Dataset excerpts
----------

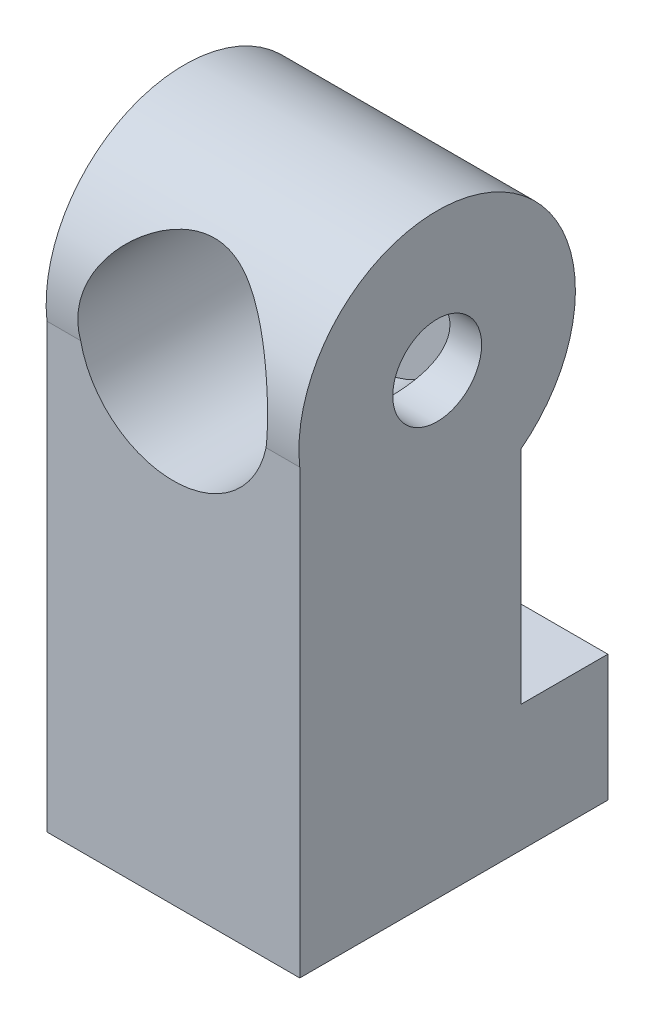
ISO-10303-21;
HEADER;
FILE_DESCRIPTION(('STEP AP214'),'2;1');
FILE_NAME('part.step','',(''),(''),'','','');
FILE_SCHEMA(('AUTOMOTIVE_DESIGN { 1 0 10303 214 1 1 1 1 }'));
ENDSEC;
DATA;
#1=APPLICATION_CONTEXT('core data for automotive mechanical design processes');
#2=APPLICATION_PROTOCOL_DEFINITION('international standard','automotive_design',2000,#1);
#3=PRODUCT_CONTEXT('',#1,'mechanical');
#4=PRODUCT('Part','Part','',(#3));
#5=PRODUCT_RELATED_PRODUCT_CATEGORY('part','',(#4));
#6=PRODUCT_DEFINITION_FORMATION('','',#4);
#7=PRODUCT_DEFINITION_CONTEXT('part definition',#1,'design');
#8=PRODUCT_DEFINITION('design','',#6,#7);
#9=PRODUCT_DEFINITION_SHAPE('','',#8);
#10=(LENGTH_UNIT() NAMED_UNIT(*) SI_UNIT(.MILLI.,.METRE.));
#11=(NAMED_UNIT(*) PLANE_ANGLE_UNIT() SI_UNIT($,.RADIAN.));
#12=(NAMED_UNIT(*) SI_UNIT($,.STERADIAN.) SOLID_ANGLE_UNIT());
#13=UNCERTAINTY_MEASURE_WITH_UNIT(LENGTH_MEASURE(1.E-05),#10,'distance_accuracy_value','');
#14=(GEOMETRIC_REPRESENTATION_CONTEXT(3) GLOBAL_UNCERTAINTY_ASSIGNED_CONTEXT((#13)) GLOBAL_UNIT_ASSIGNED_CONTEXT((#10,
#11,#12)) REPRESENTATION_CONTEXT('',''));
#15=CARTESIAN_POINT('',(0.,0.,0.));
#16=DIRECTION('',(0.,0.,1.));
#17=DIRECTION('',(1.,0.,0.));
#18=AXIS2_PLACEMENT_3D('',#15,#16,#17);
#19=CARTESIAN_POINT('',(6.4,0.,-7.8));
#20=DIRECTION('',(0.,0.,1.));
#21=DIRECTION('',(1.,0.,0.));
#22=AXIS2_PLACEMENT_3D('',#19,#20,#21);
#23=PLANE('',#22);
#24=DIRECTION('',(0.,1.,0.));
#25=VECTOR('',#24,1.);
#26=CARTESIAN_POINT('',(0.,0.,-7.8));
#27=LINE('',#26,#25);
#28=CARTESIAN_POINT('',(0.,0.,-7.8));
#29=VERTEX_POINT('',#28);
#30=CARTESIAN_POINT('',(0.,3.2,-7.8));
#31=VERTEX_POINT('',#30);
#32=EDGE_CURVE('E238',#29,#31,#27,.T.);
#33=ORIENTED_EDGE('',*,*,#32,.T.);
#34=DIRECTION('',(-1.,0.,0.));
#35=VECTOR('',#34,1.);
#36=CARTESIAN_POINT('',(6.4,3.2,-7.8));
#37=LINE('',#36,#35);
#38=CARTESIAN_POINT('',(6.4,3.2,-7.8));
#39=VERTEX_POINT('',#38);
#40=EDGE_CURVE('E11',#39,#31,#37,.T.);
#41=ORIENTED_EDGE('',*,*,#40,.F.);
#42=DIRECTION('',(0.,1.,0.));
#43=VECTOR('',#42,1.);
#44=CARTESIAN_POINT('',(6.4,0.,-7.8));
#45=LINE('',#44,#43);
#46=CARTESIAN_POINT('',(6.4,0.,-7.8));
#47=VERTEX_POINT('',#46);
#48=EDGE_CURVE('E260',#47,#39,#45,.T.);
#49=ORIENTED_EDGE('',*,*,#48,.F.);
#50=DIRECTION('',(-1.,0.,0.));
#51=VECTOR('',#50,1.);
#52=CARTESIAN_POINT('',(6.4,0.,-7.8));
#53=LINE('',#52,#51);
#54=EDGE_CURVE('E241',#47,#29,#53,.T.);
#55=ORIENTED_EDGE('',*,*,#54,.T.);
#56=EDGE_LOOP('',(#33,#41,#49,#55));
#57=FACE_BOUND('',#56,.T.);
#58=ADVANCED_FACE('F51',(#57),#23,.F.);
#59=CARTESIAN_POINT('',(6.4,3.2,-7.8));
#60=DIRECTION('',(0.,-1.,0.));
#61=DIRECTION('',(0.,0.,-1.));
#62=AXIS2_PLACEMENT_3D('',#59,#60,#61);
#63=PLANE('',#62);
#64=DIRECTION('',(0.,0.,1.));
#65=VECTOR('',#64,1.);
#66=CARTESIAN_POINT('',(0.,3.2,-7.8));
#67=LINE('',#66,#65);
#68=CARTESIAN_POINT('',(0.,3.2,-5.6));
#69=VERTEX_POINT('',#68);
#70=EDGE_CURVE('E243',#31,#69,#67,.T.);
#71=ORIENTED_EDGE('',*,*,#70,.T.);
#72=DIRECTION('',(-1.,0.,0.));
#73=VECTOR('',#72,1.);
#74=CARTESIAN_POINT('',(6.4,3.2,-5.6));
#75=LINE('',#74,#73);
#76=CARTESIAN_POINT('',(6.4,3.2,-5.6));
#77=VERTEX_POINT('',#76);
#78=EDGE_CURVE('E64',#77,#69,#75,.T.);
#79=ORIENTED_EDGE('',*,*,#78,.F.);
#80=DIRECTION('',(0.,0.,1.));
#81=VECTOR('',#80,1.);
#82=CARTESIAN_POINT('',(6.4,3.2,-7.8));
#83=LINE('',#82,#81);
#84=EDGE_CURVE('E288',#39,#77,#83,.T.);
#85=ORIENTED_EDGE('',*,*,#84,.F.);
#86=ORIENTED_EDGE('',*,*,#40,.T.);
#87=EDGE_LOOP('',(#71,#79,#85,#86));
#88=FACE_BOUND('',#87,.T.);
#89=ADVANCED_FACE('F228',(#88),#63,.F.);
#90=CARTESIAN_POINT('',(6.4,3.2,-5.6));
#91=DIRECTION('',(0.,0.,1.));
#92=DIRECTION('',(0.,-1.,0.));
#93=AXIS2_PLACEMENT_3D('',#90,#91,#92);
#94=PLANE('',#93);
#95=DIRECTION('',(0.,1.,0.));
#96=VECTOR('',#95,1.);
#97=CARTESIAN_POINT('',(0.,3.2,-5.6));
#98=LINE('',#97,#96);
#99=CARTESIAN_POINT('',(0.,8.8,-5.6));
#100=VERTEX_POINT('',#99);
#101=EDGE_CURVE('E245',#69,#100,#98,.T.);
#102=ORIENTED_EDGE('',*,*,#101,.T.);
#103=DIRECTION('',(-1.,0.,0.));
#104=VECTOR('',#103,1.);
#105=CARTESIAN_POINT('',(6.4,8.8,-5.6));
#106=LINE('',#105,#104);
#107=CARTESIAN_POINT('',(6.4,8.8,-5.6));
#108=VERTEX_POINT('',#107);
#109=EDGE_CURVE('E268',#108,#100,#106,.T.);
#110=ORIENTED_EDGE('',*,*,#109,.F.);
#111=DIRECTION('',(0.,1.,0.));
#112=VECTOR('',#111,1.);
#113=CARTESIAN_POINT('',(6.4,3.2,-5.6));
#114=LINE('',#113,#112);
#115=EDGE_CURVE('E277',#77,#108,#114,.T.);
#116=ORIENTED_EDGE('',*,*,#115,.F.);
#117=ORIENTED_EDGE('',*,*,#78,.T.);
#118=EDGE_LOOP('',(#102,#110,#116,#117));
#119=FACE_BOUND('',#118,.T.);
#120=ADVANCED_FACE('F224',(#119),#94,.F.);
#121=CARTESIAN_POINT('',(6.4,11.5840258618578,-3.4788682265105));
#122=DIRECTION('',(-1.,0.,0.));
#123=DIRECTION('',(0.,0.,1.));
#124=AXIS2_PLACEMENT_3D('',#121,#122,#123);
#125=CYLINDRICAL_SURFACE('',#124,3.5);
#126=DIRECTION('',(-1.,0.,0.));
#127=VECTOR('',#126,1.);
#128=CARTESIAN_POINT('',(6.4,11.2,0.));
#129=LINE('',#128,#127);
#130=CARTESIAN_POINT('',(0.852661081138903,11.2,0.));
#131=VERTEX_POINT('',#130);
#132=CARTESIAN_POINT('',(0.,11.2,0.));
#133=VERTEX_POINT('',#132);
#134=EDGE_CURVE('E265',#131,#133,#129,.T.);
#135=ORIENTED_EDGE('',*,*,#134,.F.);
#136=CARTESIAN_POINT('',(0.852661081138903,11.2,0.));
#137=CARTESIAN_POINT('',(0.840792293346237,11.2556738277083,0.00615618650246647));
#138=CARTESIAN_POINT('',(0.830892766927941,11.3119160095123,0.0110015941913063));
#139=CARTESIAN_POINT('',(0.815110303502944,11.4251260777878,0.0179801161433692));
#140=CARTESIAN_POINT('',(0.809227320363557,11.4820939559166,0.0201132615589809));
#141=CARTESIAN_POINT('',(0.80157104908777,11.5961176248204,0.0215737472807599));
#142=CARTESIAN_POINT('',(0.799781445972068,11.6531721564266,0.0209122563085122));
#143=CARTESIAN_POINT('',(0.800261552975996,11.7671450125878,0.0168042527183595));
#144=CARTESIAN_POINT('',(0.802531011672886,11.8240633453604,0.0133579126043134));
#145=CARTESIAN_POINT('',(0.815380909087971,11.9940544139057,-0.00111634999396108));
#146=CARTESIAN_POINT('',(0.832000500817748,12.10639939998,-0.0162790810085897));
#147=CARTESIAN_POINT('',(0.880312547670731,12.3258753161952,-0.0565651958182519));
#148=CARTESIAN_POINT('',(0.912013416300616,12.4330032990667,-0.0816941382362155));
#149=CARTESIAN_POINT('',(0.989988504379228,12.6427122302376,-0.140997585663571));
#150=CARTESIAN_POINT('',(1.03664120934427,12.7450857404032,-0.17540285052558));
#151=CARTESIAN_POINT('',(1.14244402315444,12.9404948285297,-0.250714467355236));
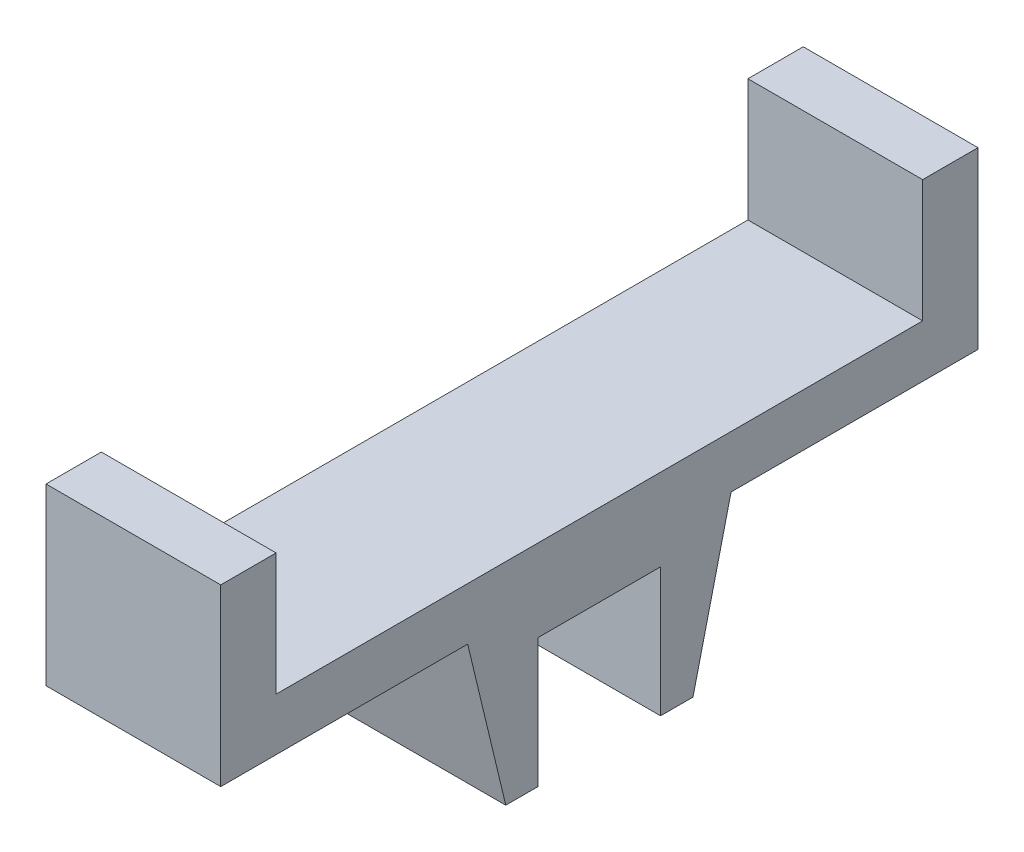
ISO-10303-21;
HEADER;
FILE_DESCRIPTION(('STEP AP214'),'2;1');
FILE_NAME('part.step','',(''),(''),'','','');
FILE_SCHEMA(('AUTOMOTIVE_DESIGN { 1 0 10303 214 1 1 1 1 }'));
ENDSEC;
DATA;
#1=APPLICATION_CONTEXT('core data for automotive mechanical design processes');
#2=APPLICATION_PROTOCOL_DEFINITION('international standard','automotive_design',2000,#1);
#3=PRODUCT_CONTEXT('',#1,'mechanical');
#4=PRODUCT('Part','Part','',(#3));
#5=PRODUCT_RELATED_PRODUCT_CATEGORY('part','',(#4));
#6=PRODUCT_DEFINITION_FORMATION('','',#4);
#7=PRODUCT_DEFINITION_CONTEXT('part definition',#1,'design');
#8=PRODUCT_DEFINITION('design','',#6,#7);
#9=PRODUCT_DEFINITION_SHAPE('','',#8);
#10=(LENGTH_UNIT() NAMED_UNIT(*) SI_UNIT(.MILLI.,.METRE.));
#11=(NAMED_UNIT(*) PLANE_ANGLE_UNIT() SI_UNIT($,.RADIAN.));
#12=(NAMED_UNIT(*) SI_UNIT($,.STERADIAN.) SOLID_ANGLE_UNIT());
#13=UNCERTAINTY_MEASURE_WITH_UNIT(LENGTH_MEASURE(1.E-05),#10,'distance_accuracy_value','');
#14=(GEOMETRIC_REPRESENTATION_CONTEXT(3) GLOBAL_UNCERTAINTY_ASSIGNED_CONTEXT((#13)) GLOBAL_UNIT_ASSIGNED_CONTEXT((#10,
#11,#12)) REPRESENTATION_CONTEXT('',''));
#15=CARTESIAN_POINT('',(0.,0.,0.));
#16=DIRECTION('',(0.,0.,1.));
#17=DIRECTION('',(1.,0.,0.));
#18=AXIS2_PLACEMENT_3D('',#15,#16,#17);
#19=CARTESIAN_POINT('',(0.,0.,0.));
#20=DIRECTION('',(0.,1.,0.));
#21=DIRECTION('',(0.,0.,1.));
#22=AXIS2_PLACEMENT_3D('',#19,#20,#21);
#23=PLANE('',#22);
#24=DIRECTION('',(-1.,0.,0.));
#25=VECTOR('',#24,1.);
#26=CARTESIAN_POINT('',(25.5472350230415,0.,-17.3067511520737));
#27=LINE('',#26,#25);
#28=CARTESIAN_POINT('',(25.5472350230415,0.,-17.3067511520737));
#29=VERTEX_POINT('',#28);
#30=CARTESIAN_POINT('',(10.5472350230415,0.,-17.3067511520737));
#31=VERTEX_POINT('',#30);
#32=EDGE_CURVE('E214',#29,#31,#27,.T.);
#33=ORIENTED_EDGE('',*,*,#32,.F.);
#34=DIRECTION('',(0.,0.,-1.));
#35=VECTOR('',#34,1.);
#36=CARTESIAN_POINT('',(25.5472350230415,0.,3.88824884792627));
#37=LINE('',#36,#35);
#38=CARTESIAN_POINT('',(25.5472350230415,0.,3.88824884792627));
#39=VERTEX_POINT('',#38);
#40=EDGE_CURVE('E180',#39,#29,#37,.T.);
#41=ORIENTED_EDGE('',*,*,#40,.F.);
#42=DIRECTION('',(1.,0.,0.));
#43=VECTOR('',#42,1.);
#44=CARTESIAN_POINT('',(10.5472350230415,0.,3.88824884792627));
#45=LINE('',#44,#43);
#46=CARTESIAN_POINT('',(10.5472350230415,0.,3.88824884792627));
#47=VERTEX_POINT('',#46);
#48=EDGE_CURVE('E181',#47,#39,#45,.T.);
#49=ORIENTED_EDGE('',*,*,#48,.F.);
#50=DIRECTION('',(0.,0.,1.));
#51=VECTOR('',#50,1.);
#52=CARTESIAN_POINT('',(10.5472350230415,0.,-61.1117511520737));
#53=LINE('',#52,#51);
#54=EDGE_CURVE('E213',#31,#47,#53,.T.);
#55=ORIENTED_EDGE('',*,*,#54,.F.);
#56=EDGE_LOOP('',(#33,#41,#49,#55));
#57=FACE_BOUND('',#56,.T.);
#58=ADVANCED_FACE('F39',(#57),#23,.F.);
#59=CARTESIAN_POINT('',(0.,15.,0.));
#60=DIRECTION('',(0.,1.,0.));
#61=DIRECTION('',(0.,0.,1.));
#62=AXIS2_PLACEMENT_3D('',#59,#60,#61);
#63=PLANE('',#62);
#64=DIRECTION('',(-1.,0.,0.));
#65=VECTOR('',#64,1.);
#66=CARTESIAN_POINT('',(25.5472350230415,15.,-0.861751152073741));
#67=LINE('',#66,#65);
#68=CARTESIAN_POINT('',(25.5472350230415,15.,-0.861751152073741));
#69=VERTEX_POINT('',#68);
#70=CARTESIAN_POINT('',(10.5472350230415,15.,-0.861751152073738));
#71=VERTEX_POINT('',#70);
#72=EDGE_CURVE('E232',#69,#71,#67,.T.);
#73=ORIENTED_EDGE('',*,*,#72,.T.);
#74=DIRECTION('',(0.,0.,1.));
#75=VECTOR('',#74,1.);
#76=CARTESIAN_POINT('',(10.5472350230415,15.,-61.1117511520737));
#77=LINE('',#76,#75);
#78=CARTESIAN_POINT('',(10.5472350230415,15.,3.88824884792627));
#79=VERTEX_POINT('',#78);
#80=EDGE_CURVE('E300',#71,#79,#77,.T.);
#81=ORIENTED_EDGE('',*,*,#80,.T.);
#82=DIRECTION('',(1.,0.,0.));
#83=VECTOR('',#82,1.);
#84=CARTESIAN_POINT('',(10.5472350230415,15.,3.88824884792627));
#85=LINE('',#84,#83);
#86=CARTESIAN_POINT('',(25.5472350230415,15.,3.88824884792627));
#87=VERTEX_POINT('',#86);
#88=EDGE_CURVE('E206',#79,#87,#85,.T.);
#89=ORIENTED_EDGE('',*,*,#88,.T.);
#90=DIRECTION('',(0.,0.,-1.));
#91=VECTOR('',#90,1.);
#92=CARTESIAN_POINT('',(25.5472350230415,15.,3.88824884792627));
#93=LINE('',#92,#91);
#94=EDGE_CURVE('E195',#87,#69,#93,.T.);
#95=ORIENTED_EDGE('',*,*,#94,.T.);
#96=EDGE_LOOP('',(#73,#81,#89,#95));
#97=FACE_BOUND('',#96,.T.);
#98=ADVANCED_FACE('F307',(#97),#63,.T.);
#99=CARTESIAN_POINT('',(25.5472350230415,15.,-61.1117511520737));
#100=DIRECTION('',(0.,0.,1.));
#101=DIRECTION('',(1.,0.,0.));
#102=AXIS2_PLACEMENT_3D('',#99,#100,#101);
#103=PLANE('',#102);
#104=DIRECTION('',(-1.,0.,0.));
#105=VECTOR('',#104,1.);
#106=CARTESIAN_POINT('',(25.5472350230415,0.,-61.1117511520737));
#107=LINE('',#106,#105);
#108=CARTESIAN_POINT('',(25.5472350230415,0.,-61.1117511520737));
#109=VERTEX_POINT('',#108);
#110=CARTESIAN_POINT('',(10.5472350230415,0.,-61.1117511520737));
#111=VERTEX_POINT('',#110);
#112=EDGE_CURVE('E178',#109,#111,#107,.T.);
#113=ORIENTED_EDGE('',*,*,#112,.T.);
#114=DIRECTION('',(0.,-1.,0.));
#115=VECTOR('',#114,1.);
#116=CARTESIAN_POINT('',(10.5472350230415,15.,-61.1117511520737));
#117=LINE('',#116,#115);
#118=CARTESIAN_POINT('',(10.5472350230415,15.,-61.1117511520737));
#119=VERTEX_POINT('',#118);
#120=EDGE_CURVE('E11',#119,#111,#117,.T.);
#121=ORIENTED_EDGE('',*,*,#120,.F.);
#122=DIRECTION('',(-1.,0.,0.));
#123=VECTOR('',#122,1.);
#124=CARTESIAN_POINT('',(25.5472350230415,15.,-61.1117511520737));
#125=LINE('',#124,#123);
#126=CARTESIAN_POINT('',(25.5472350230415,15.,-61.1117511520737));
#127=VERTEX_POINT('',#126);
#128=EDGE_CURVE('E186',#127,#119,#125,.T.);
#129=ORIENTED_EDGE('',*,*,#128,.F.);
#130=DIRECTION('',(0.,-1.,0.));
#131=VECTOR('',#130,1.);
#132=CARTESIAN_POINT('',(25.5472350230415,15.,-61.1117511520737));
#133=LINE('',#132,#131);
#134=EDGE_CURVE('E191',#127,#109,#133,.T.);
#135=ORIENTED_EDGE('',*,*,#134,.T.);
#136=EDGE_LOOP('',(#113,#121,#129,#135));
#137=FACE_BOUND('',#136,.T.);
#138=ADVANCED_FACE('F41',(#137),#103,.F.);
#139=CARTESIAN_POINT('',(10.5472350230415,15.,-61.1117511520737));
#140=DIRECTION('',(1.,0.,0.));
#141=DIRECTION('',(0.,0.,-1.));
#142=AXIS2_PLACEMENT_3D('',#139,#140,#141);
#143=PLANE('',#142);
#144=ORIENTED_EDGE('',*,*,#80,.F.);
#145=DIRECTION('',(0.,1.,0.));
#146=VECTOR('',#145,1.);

----------

*Work instruction*
From the line containing "#140=DIRECTION('',(1.,0.,0.));" down to the last line of the data above, copy every line exactly; leave out all other lines.

*Exercise answer*
#140=DIRECTION('',(1.,0.,0.));
#141=DIRECTION('',(0.,0.,-1.));
#142=AXIS2_PLACEMENT_3D('',#139,#140,#141);
#143=PLANE('',#142);
#144=ORIENTED_EDGE('',*,*,#80,.F.);
#145=DIRECTION('',(0.,1.,0.));
#146=VECTOR('',#145,1.);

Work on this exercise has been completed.